* **Description of the task**:
Look below for the line holding "#235=CYLINDRICAL_SURFACE('',#234,6.3);" and the line holding "#246=VECTOR('',#245,1.);". Transcribe exactly those lines and all lines between them, nothing more.

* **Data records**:
--
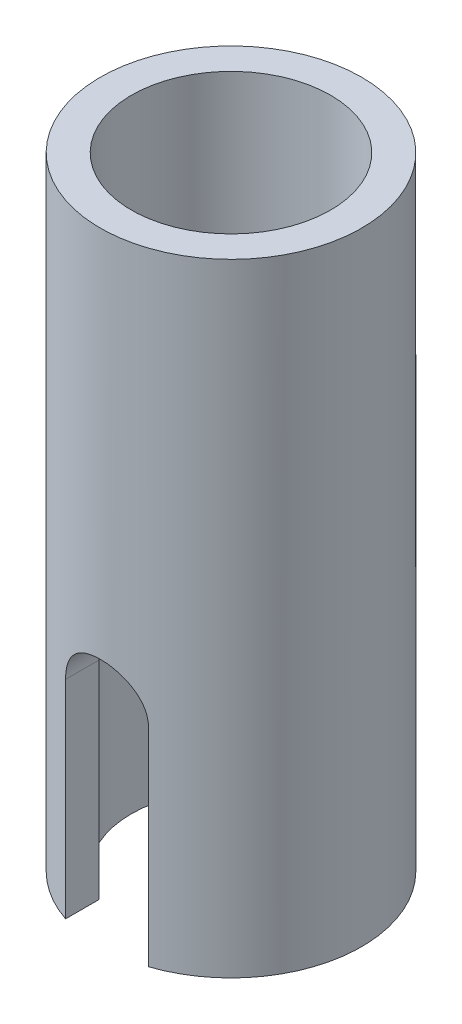
ISO-10303-21;
HEADER;
FILE_DESCRIPTION(('STEP AP214'),'2;1');
FILE_NAME('part.step','',(''),(''),'','','');
FILE_SCHEMA(('AUTOMOTIVE_DESIGN { 1 0 10303 214 1 1 1 1 }'));
ENDSEC;
DATA;
#1=APPLICATION_CONTEXT('core data for automotive mechanical design processes');
#2=APPLICATION_PROTOCOL_DEFINITION('international standard','automotive_design',2000,#1);
#3=PRODUCT_CONTEXT('',#1,'mechanical');
#4=PRODUCT('Part','Part','',(#3));
#5=PRODUCT_RELATED_PRODUCT_CATEGORY('part','',(#4));
#6=PRODUCT_DEFINITION_FORMATION('','',#4);
#7=PRODUCT_DEFINITION_CONTEXT('part definition',#1,'design');
#8=PRODUCT_DEFINITION('design','',#6,#7);
#9=PRODUCT_DEFINITION_SHAPE('','',#8);
#10=(LENGTH_UNIT() NAMED_UNIT(*) SI_UNIT(.MILLI.,.METRE.));
#11=(NAMED_UNIT(*) PLANE_ANGLE_UNIT() SI_UNIT($,.RADIAN.));
#12=(NAMED_UNIT(*) SI_UNIT($,.STERADIAN.) SOLID_ANGLE_UNIT());
#13=UNCERTAINTY_MEASURE_WITH_UNIT(LENGTH_MEASURE(1.E-05),#10,'distance_accuracy_value','');
#14=(GEOMETRIC_REPRESENTATION_CONTEXT(3) GLOBAL_UNCERTAINTY_ASSIGNED_CONTEXT((#13)) GLOBAL_UNIT_ASSIGNED_CONTEXT((#10,
#11,#12)) REPRESENTATION_CONTEXT('',''));
#15=CARTESIAN_POINT('',(0.,0.,0.));
#16=DIRECTION('',(0.,0.,1.));
#17=DIRECTION('',(1.,0.,0.));
#18=AXIS2_PLACEMENT_3D('',#15,#16,#17);
#19=CARTESIAN_POINT('',(4.8,0.,0.));
#20=DIRECTION('',(0.,-1.,0.));
#21=DIRECTION('',(0.,0.,-1.));
#22=AXIS2_PLACEMENT_3D('',#19,#20,#21);
#23=PLANE('',#22);
#24=DIRECTION('',(0.,0.,-1.));
#25=VECTOR('',#24,1.);
#26=CARTESIAN_POINT('',(-2.,0.,0.));
#27=LINE('',#26,#25);
#28=CARTESIAN_POINT('',(-2.,0.,5.97411081249754));
#29=VERTEX_POINT('',#28);
#30=CARTESIAN_POINT('',(-2.,0.,4.36348484585428));
#31=VERTEX_POINT('',#30);
#32=EDGE_CURVE('E133',#29,#31,#27,.T.);
#33=ORIENTED_EDGE('',*,*,#32,.F.);
#34=CARTESIAN_POINT('',(0.,0.,0.));
#35=DIRECTION('',(0.,-1.,0.));
#36=DIRECTION('',(0.,0.,-1.));
#37=AXIS2_PLACEMENT_3D('',#34,#35,#36);
#38=CIRCLE('',#37,6.3);
#39=CARTESIAN_POINT('',(-2.,0.,-5.97411081249754));
#40=VERTEX_POINT('',#39);
#41=EDGE_CURVE('E195',#29,#40,#38,.T.);
#42=ORIENTED_EDGE('',*,*,#41,.T.);
#43=CARTESIAN_POINT('',(-2.,0.,-4.36348484585428));
#44=VERTEX_POINT('',#43);
#45=EDGE_CURVE('E199',#44,#40,#27,.T.);
#46=ORIENTED_EDGE('',*,*,#45,.F.);
#47=CARTESIAN_POINT('',(0.,0.,0.));
#48=DIRECTION('',(0.,-1.,0.));
#49=DIRECTION('',(0.,0.,-1.));
#50=AXIS2_PLACEMENT_3D('',#47,#48,#49);
#51=CIRCLE('',#50,4.8);
#52=EDGE_CURVE('E196',#31,#44,#51,.T.);
#53=ORIENTED_EDGE('',*,*,#52,.F.);
#54=EDGE_LOOP('',(#33,#42,#46,#53));
#55=FACE_BOUND('',#54,.T.);
#56=ADVANCED_FACE('F41',(#55),#23,.T.);
#57=CARTESIAN_POINT('',(0.,0.,0.));
#58=DIRECTION('',(0.,-1.,0.));
#59=DIRECTION('',(0.,0.,-1.));
#60=AXIS2_PLACEMENT_3D('',#57,#58,#59);
#61=CYLINDRICAL_SURFACE('',#60,4.8);
#62=DIRECTION('',(0.,-1.,0.));
#63=VECTOR('',#62,1.);
#64=CARTESIAN_POINT('',(-2.,0.,4.36348484585428));
#65=LINE('',#64,#63);
#66=CARTESIAN_POINT('',(-2.,10.,4.36348484585428));
#67=VERTEX_POINT('',#66);
#68=EDGE_CURVE('E198',#31,#67,#65,.F.);
#69=ORIENTED_EDGE('',*,*,#68,.F.);
#70=ORIENTED_EDGE('',*,*,#52,.T.);
#71=DIRECTION('',(0.,-1.,0.));
#72=VECTOR('',#71,1.);
#73=CARTESIAN_POINT('',(-2.,0.,-4.36348484585428));
#74=LINE('',#73,#72);
#75=CARTESIAN_POINT('',(-2.,10.,-4.36348484585428));
#76=VERTEX_POINT('',#75);
#77=EDGE_CURVE('E129',#76,#44,#74,.T.);
#78=ORIENTED_EDGE('',*,*,#77,.F.);
#79=CARTESIAN_POINT('',(2.,10.,-4.36348484585428));
#80=CARTESIAN_POINT('',(2.00000819972645,10.0535923371176,-4.36347314938192));
#81=CARTESIAN_POINT('',(1.99784612859565,10.1071782860857,-4.36447189138492));
#82=CARTESIAN_POINT('',(1.98924559473605,10.2139129740848,-4.36840275546553));
#83=CARTESIAN_POINT('',(1.9828089004302,10.2670618847183,-4.37133407802581));
#84=CARTESIAN_POINT('',(1.96575906045681,10.3723214878971,-4.37902654889413));
#85=CARTESIAN_POINT('',(1.95516357297458,10.4244356039077,-4.38377995867097));
#86=CARTESIAN_POINT('',(1.92991818445083,10.5274781204565,-4.39495228132534));
#87=CARTESIAN_POINT('',(1.91526800583602,10.5784064395593,-4.40137130822467));
#88=CARTESIAN_POINT('',(1.86547604202997,10.7287763813513,-4.42281773487228));
#89=CARTESIAN_POINT('',(1.82445579172605,10.8260279527359,-4.44005227566458));
#90=CARTESIAN_POINT('',(1.72807734181261,11.0123159759824,-4.47844021499472));
#91=CARTESIAN_POINT('',(1.67270419214242,11.101343729933,-4.49959769310555));
#92=CARTESIAN_POINT('',(1.54555373284197,11.2741244144237,-4.54489391626279));
#93=CARTESIAN_POINT('',(1.47303305418077,11.3573051710068,-4.56913316521806));
#94=CARTESIAN_POINT('',(1.31521978601312,11.5107335495753,-4.61703285327609));
#95=CARTESIAN_POINT('',(1.22992446809132,11.5809784015388,-4.64069316747065));
#96=CARTESIAN_POINT('',(1.04442129935287,11.7095190631809,-4.68600863688963));
#97=CARTESIAN_POINT('',(0.943726411353131,11.767162790162,-4.7075319362902));
#98=CARTESIAN_POINT('',(0.733010679842922,11.8644419158436,-4.74490440335218));
#99=CARTESIAN_POINT('',(0.622994047168596,11.9040853947303,-4.76075611627044));
#100=CARTESIAN_POINT('',(0.402830570329408,11.9621428568377,-4.78428023196875));
#101=CARTESIAN_POINT('',(0.292988509346678,11.9815543568107,-4.79233539321838));
#102=CARTESIAN_POINT('',(0.0713287085290441,12.0018202143128,-4.80074925037221));
#103=CARTESIAN_POINT('',(-0.0404882486282973,12.002681765295,-4.80111092971802));
#104=CARTESIAN_POINT('',(-0.255669362146981,11.9863450813102,-4.79432203729086));
#105=CARTESIAN_POINT('',(-0.359133796377716,11.9702427610119,-4.78762731617037));
#106=CARTESIAN_POINT('',(-0.561734370835178,11.9223144728702,-4.76810404359556));
#107=CARTESIAN_POINT('',(-0.660870267320352,11.8904876208123,-4.75527514720844));
#108=CARTESIAN_POINT('',(-0.853820454584056,11.8116353730705,-4.72447772355591));
#109=CARTESIAN_POINT('',(-0.947530450656163,11.7643854565565,-4.70643375212425));
#110=CARTESIAN_POINT('',(-1.12593790985779,11.6562473744247,-4.66697165729274));
#111=CARTESIAN_POINT('',(-1.21063207320821,11.5953542405564,-4.64555230557517));
#112=CARTESIAN_POINT('',(-1.37494030245803,11.456672773166,-4.59970861221721));
#113=CARTESIAN_POINT('',(-1.45377666362612,11.3779966629934,-4.57517887722411));
#114=CARTESIAN_POINT('',(-1.59748250818258,11.2084714828601,-4.5270086334648));
#115=CARTESIAN_POINT('',(-1.66234490795389,11.1176162768043,-4.50336858067978));
#116=CARTESIAN_POINT('',(-1.77827611606724,10.9225162798764,-4.45889295209974));
#117=CARTESIAN_POINT('',(-1.82881203365073,10.8179257012209,-4.43817737587371));
#118=CARTESIAN_POINT('',(-1.91118095346503,10.6006837012345,-4.40334129158343));
#119=CARTESIAN_POINT('',(-1.94304840938256,10.4880475624018,-4.38920864430011));
#120=CARTESIAN_POINT('',(-1.97652421230322,10.3118793252738,-4.37418630360844));
#121=CARTESIAN_POINT('',(-1.98531279370341,10.2498951465707,-4.37019442404851));
#122=CARTESIAN_POINT('',(-1.99705305006963,10.1252878549284,-4.36483633170117));
#123=CARTESIAN_POINT('',(-2.00000680942441,10.0626649781915,-4.36346918127981));
#124=CARTESIAN_POINT('',(-2.,10.,-4.36348484585428));
#125=B_SPLINE_CURVE_WITH_KNOTS('',3,(#79,#80,#81,#82,#83,#84,#85,#86,#87,#88,#89,#90,#91,#92,
#93,#94,#95,#96,#97,#98,#99,#100,#101,#102,#103,#104,#105,#106,#107,#108,#109,#110,#111,#112,
#113,#114,#115,#116,#117,#118,#119,#120,#121,#122,#123,#124),.UNSPECIFIED.,.F.,.F.,(4,2,2,2,2,2,
2,2,2,2,2,2,2,2,2,2,2,2,2,2,2,2,4),(0.,0.160713501148005,0.321360556078378,0.481332758713569,
0.641315915326878,0.960604794823533,1.28022759328488,1.61769875638923,1.95524209985198,
2.30745696221062,2.65951356107819,2.99324718428381,3.32685138716377,3.64015267554912,
3.95347158335257,4.27157179268062,4.58978802871983,4.93041245174163,5.27120913837819,
5.62338517987782,5.97490919637184,6.16280699556659,6.35063765939092),.UNSPECIFIED.);
#126=CARTESIAN_POINT('',(2.,10.,-4.36348484585428));
#127=VERTEX_POINT('',#126);
#128=EDGE_CURVE('E118',#127,#76,#125,.T.);
#129=ORIENTED_EDGE('',*,*,#128,.F.);
#130=DIRECTION('',(0.,-1.,0.));
#131=VECTOR('',#130,1.);
#132=CARTESIAN_POINT('',(2.,0.,-4.36348484585428));
#133=LINE('',#132,#131);
#134=CARTESIAN_POINT('',(2.,0.,-4.36348484585429));
#135=VERTEX_POINT('',#134);
#136=EDGE_CURVE('E106',#135,#127,#133,.F.);
#137=ORIENTED_EDGE('',*,*,#136,.F.);
#138=CARTESIAN_POINT('',(2.,0.,4.36348484585429));
#139=VERTEX_POINT('',#138);
#140=EDGE_CURVE('E211',#135,#139,#51,.T.);
#141=ORIENTED_EDGE('',*,*,#140,.T.);
#142=DIRECTION('',(0.,-1.,0.));
#143=VECTOR('',#142,1.);
#144=CARTESIAN_POINT('',(2.,0.,4.36348484585428));
#145=LINE('',#144,#143);
#146=CARTESIAN_POINT('',(2.,10.,4.36348484585428));
#147=VERTEX_POINT('',#146);
#148=EDGE_CURVE('E131',#147,#139,#145,.T.);
#149=ORIENTED_EDGE('',*,*,#148,.F.);
#150=CARTESIAN_POINT('',(-2.,10.,4.36348484585428));
#151=CARTESIAN_POINT('',(-2.00000819972645,10.0535923371176,4.36347314938192));
#152=CARTESIAN_POINT('',(-1.99784612859565,10.1071782860857,4.36447189138492));
#153=CARTESIAN_POINT('',(-1.98924559473605,10.2139129740848,4.36840275546553));
#154=CARTESIAN_POINT('',(-1.9828089004302,10.2670618847183,4.37133407802581));
#155=CARTESIAN_POINT('',(-1.96575906045681,10.3723214878971,4.37902654889413));
#156=CARTESIAN_POINT('',(-1.95516357297458,10.4244356039077,4.38377995867097));
#157=CARTESIAN_POINT('',(-1.92991818445083,10.5274781204565,4.39495228132534));
#158=CARTESIAN_POINT('',(-1.91526800583602,10.5784064395593,4.40137130822467));
#159=CARTESIAN_POINT('',(-1.86547604202997,10.7287763813513,4.42281773487228));
#160=CARTESIAN_POINT('',(-1.82445579172605,10.8260279527359,4.44005227566458));
#161=CARTESIAN_POINT('',(-1.72807734181261,11.0123159759824,4.47844021499472));
#162=CARTESIAN_POINT('',(-1.67270419214242,11.101343729933,4.49959769310555));
#163=CARTESIAN_POINT('',(-1.54555373284197,11.2741244144237,4.54489391626279));
#164=CARTESIAN_POINT('',(-1.47303305418077,11.3573051710068,4.56913316521806));
#165=CARTESIAN_POINT('',(-1.31521978601312,11.5107335495753,4.61703285327609));
#166=CARTESIAN_POINT('',(-1.22992446809132,11.5809784015388,4.64069316747065));
#167=CARTESIAN_POINT('',(-1.04442129935287,11.7095190631809,4.68600863688963));
#168=CARTESIAN_POINT('',(-0.943726411353131,11.767162790162,4.7075319362902));
#169=CARTESIAN_POINT('',(-0.733010679842922,11.8644419158436,4.74490440335218));
#170=CARTESIAN_POINT('',(-0.622994047168596,11.9040853947303,4.76075611627044));
#171=CARTESIAN_POINT('',(-0.402830570329408,11.9621428568377,4.78428023196875));
#172=CARTESIAN_POINT('',(-0.292988509346678,11.9815543568107,4.79233539321838));
#173=CARTESIAN_POINT('',(-0.0713287085290441,12.0018202143128,4.80074925037221));
#174=CARTESIAN_POINT('',(0.0404882486282973,12.002681765295,4.80111092971802));
#175=CARTESIAN_POINT('',(0.255669362146981,11.9863450813102,4.79432203729086));
#176=CARTESIAN_POINT('',(0.359133796377716,11.9702427610119,4.78762731617037));
#177=CARTESIAN_POINT('',(0.561734370835178,11.9223144728702,4.76810404359556));
#178=CARTESIAN_POINT('',(0.660870267320352,11.8904876208123,4.75527514720844));
#179=CARTESIAN_POINT('',(0.853820454584056,11.8116353730705,4.72447772355591));
#180=CARTESIAN_POINT('',(0.947530450656163,11.7643854565565,4.70643375212425));
#181=CARTESIAN_POINT('',(1.12593790985779,11.6562473744247,4.66697165729274));
#182=CARTESIAN_POINT('',(1.21063207320821,11.5953542405564,4.64555230557517));
#183=CARTESIAN_POINT('',(1.37494030245803,11.456672773166,4.59970861221721));
#184=CARTESIAN_POINT('',(1.45377666362612,11.3779966629934,4.57517887722411));
#185=CARTESIAN_POINT('',(1.59748250818258,11.2084714828601,4.5270086334648));
#186=CARTESIAN_POINT('',(1.66234490795389,11.1176162768043,4.50336858067978));
#187=CARTESIAN_POINT('',(1.77827611606724,10.9225162798764,4.45889295209974));
#188=CARTESIAN_POINT('',(1.82881203365073,10.8179257012209,4.43817737587371));
#189=CARTESIAN_POINT('',(1.91118095346503,10.6006837012345,4.40334129158343));
#190=CARTESIAN_POINT('',(1.94304840938256,10.4880475624018,4.38920864430011));
#191=CARTESIAN_POINT('',(1.97652421230322,10.3118793252738,4.37418630360844));
#192=CARTESIAN_POINT('',(1.98531279370341,10.2498951465707,4.37019442404851));
#193=CARTESIAN_POINT('',(1.99705305006963,10.1252878549284,4.36483633170117));
#194=CARTESIAN_POINT('',(2.00000680942441,10.0626649781915,4.36346918127981));
#195=CARTESIAN_POINT('',(2.,10.,4.36348484585428));
#196=B_SPLINE_CURVE_WITH_KNOTS('',3,(#150,#151,#152,#153,#154,#155,#156,#157,#158,#159,#160,
#161,#162,#163,#164,#165,#166,#167,#168,#169,#170,#171,#172,#173,#174,#175,#176,#177,#178,#179,
#180,#181,#182,#183,#184,#185,#186,#187,#188,#189,#190,#191,#192,#193,#194,#195),.UNSPECIFIED.,
.F.,.F.,(4,2,2,2,2,2,2,2,2,2,2,2,2,2,2,2,2,2,2,2,2,2,4),(0.,0.160713501148005,0.321360556078378,
0.481332758713569,0.641315915326878,0.960604794823533,1.28022759328488,1.61769875638923,
1.95524209985198,2.30745696221062,2.65951356107819,2.99324718428381,3.32685138716377,
3.64015267554912,3.95347158335257,4.27157179268062,4.58978802871983,4.93041245174163,
5.27120913837819,5.62338517987782,5.97490919637184,6.16280699556659,6.35063765939092),.UNSPECIFIED.);
#197=EDGE_CURVE('E130',#67,#147,#196,.T.);
#198=ORIENTED_EDGE('',*,*,#197,.F.);
#199=EDGE_LOOP('',(#69,#70,#78,#129,#137,#141,#149,#198));
#200=FACE_BOUND('',#199,.T.);
#201=CARTESIAN_POINT('',(0.,30.,0.));
#202=DIRECTION('',(0.,-1.,0.));
#203=DIRECTION('',(0.,0.,-1.));
#204=AXIS2_PLACEMENT_3D('',#201,#202,#203);
#205=CIRCLE('',#204,4.8);
#206=CARTESIAN_POINT('',(0.,30.,-4.8));
#207=VERTEX_POINT('',#206);
#208=EDGE_CURVE('E208',#207,#207,#205,.T.);
#209=ORIENTED_EDGE('',*,*,#208,.F.);
#210=EDGE_LOOP('',(#209));
#211=FACE_BOUND('',#210,.T.);
#212=ADVANCED_FACE('F43',(#200,#211),#61,.F.);
#213=DIRECTION('',(0.,0.,1.));
#214=VECTOR('',#213,1.);
#215=CARTESIAN_POINT('',(2.,0.,0.));
#216=LINE('',#215,#214);
#217=CARTESIAN_POINT('',(2.,0.,-5.97411081249754));
#218=VERTEX_POINT('',#217);
#219=EDGE_CURVE('E109',#218,#135,#216,.T.);
#220=ORIENTED_EDGE('',*,*,#219,.F.);
#221=CARTESIAN_POINT('',(2.,0.,5.97411081249754));
#222=VERTEX_POINT('',#221);
#223=EDGE_CURVE('E203',#218,#222,#38,.T.);
#224=ORIENTED_EDGE('',*,*,#223,.T.);
#225=EDGE_CURVE('E65',#139,#222,#216,.T.);
#226=ORIENTED_EDGE('',*,*,#225,.F.);
#227=ORIENTED_EDGE('',*,*,#140,.F.);
#228=EDGE_LOOP('',(#220,#224,#226,#227));
#229=FACE_BOUND('',#228,.T.);
#230=ADVANCED_FACE('F178',(#229),#23,.T.);
#231=CARTESIAN_POINT('',(0.,0.,0.));
#232=DIRECTION('',(0.,-1.,0.));
#233=DIRECTION('',(0.,0.,-1.));
#234=AXIS2_PLACEMENT_3D('',#231,#232,#233);
#235=CYLINDRICAL_SURFACE('',#234,6.3);
#236=DIRECTION('',(0.,-1.,0.));
#237=VECTOR('',#236,1.);
#238=CARTESIAN_POINT('',(-2.,0.,-5.97411081249754));
#239=LINE('',#238,#237);
#240=CARTESIAN_POINT('',(-2.,10.,-5.97411081249754));
#241=VERTEX_POINT('',#240);
#242=EDGE_CURVE('E11',#40,#241,#239,.F.);
#243=ORIENTED_EDGE('',*,*,#242,.F.);
#244=ORIENTED_EDGE('',*,*,#41,.F.);
#245=DIRECTION('',(0.,-1.,0.));
#246=VECTOR('',#245,1.);
#247=CARTESIAN_POINT('',(-2.,0.,5.97411081249754));
#248=LINE('',#247,#246);
#249=CARTESIAN_POINT('',(-2.,10.,5.97411081249754));
#250=VERTEX_POINT('',#249);
#251=EDGE_CURVE('E173',#250,#29,#248,.T.);
#252=ORIENTED_EDGE('',*,*,#251,.F.);
#253=CARTESIAN_POINT('',(2.,10.,5.97411081249754));
#254=CARTESIAN_POINT('',(2.00000132015036,10.0547402115747,5.97410575569331));
#255=CARTESIAN_POINT('',(1.99775118883213,10.1094526633198,5.97486413517603));
#256=CARTESIAN_POINT('',(1.98878560295563,10.2184564812974,5.97785624209849));
#257=CARTESIAN_POINT('',(1.982071254334,10.2727479484527,5.98008960413457));
#258=CARTESIAN_POINT('',(1.95535125474545,10.4340927903303,5.98890414900856));
#259=CARTESIAN_POINT('',(1.92876800692997,10.5400183646577,5.99760053512905));
#260=CARTESIAN_POINT('',(1.85899930419869,10.7456016331645,6.0195879386755));
#261=CARTESIAN_POINT('',(1.81582136137992,10.845262139701,6.0328768768681));
#262=CARTESIAN_POINT('',(1.71416938102527,11.0360048161249,6.06254231180617));
#263=CARTESIAN_POINT('',(1.65568705967079,11.1270823038483,6.07892047931763));
#264=CARTESIAN_POINT('',(1.52288741778716,11.3012249837199,6.11356360699504));
#265=CARTESIAN_POINT('',(1.44812370268127,11.3839410219268,6.13187214278678));
#266=CARTESIAN_POINT('',(1.28583379550947,11.5359008229123,6.16794396969368));
#267=CARTESIAN_POINT('',(1.19830539517064,11.6051422497535,6.18570716582086));
#268=CARTESIAN_POINT('',(1.01043869935845,11.7297424701226,6.21918919458837));
#269=CARTESIAN_POINT('',(0.909848395173818,11.7847381340823,6.23485040189097));
#270=CARTESIAN_POINT('',(0.700267676718964,11.8768907711912,6.26185021271027));
#271=CARTESIAN_POINT('',(0.591279642253238,11.9140527767402,6.27319003547285));
#272=CARTESIAN_POINT('',(0.371669781497619,11.9683101319262,6.28996009577499));
#273=CARTESIAN_POINT('',(0.261209954286074,11.9860056730273,6.29556668870878));
#274=CARTESIAN_POINT('',(0.0387540449208004,12.0027311698696,6.30086223396746));
#275=CARTESIAN_POINT('',(-0.0732417029045344,12.0017651252589,6.30055245432027));
#276=CARTESIAN_POINT('',(-0.291356394401285,11.9815856695418,6.29417195338651));
#277=CARTESIAN_POINT('',(-0.397542568646931,11.9630234791394,6.28830683740135));
#278=CARTESIAN_POINT('',(-0.605204986553192,11.9092494116682,6.27172888477481));
#279=CARTESIAN_POINT('',(-0.706680974458878,11.8740366316602,6.26101578523507));
#280=CARTESIAN_POINT('',(-0.903528836114717,11.7875513051144,6.23567282077788));
#281=CARTESIAN_POINT('',(-0.998808766160718,11.7360838884013,6.22099576033967));
#282=CARTESIAN_POINT('',(-1.17957906939323,11.6187076760609,6.18926718800777));
#283=CARTESIAN_POINT('',(-1.2650669915823,11.5527952767446,6.17221508398324));
#284=CARTESIAN_POINT('',(-1.42770120623494,11.4050790572021,6.13668463211143));
#285=CARTESIAN_POINT('',(-1.50433306768222,11.3227152959077,6.11817647952629));
#286=CARTESIAN_POINT('',(-1.64286746334267,11.1461161720506,6.08244353901844));
#287=CARTESIAN_POINT('',(-1.70476549312231,11.0518771924232,6.06521914466952));
#288=CARTESIAN_POINT('',(-1.81270888302682,10.8526899605978,6.0338458927027));
#289=CARTESIAN_POINT('',(-1.85854862576442,10.7476236315213,6.01973772485069));
#290=CARTESIAN_POINT('',(-1.93166663826662,10.5307614344917,5.99667888632197));
#291=CARTESIAN_POINT('',(-1.95897371775724,10.4189763070452,5.98772021389374));
#292=CARTESIAN_POINT('',(-1.98432702626344,10.2551009305356,5.97933947322949));
#293=CARTESIAN_POINT('',(-1.99020285919255,10.2042436899988,5.9773836578468));
#294=CARTESIAN_POINT('',(-1.9980362933639,10.1022664704064,5.97476880428299));
#295=CARTESIAN_POINT('',(-1.99999932581362,10.0511469544269,5.974107968612));
#296=CARTESIAN_POINT('',(-2.,10.,5.97411081249754));
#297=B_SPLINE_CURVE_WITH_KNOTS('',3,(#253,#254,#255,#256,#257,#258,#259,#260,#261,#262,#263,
--
* **Exercise answer**:
#235=CYLINDRICAL_SURFACE('',#234,6.3);
#236=DIRECTION('',(0.,-1.,0.));
#237=VECTOR('',#236,1.);
#238=CARTESIAN_POINT('',(-2.,0.,-5.97411081249754));
#239=LINE('',#238,#237);
#240=CARTESIAN_POINT('',(-2.,10.,-5.97411081249754));
#241=VERTEX_POINT('',#240);
#242=EDGE_CURVE('E11',#40,#241,#239,.F.);
#243=ORIENTED_EDGE('',*,*,#242,.F.);
#244=ORIENTED_EDGE('',*,*,#41,.F.);
#245=DIRECTION('',(0.,-1.,0.));
#246=VECTOR('',#245,1.);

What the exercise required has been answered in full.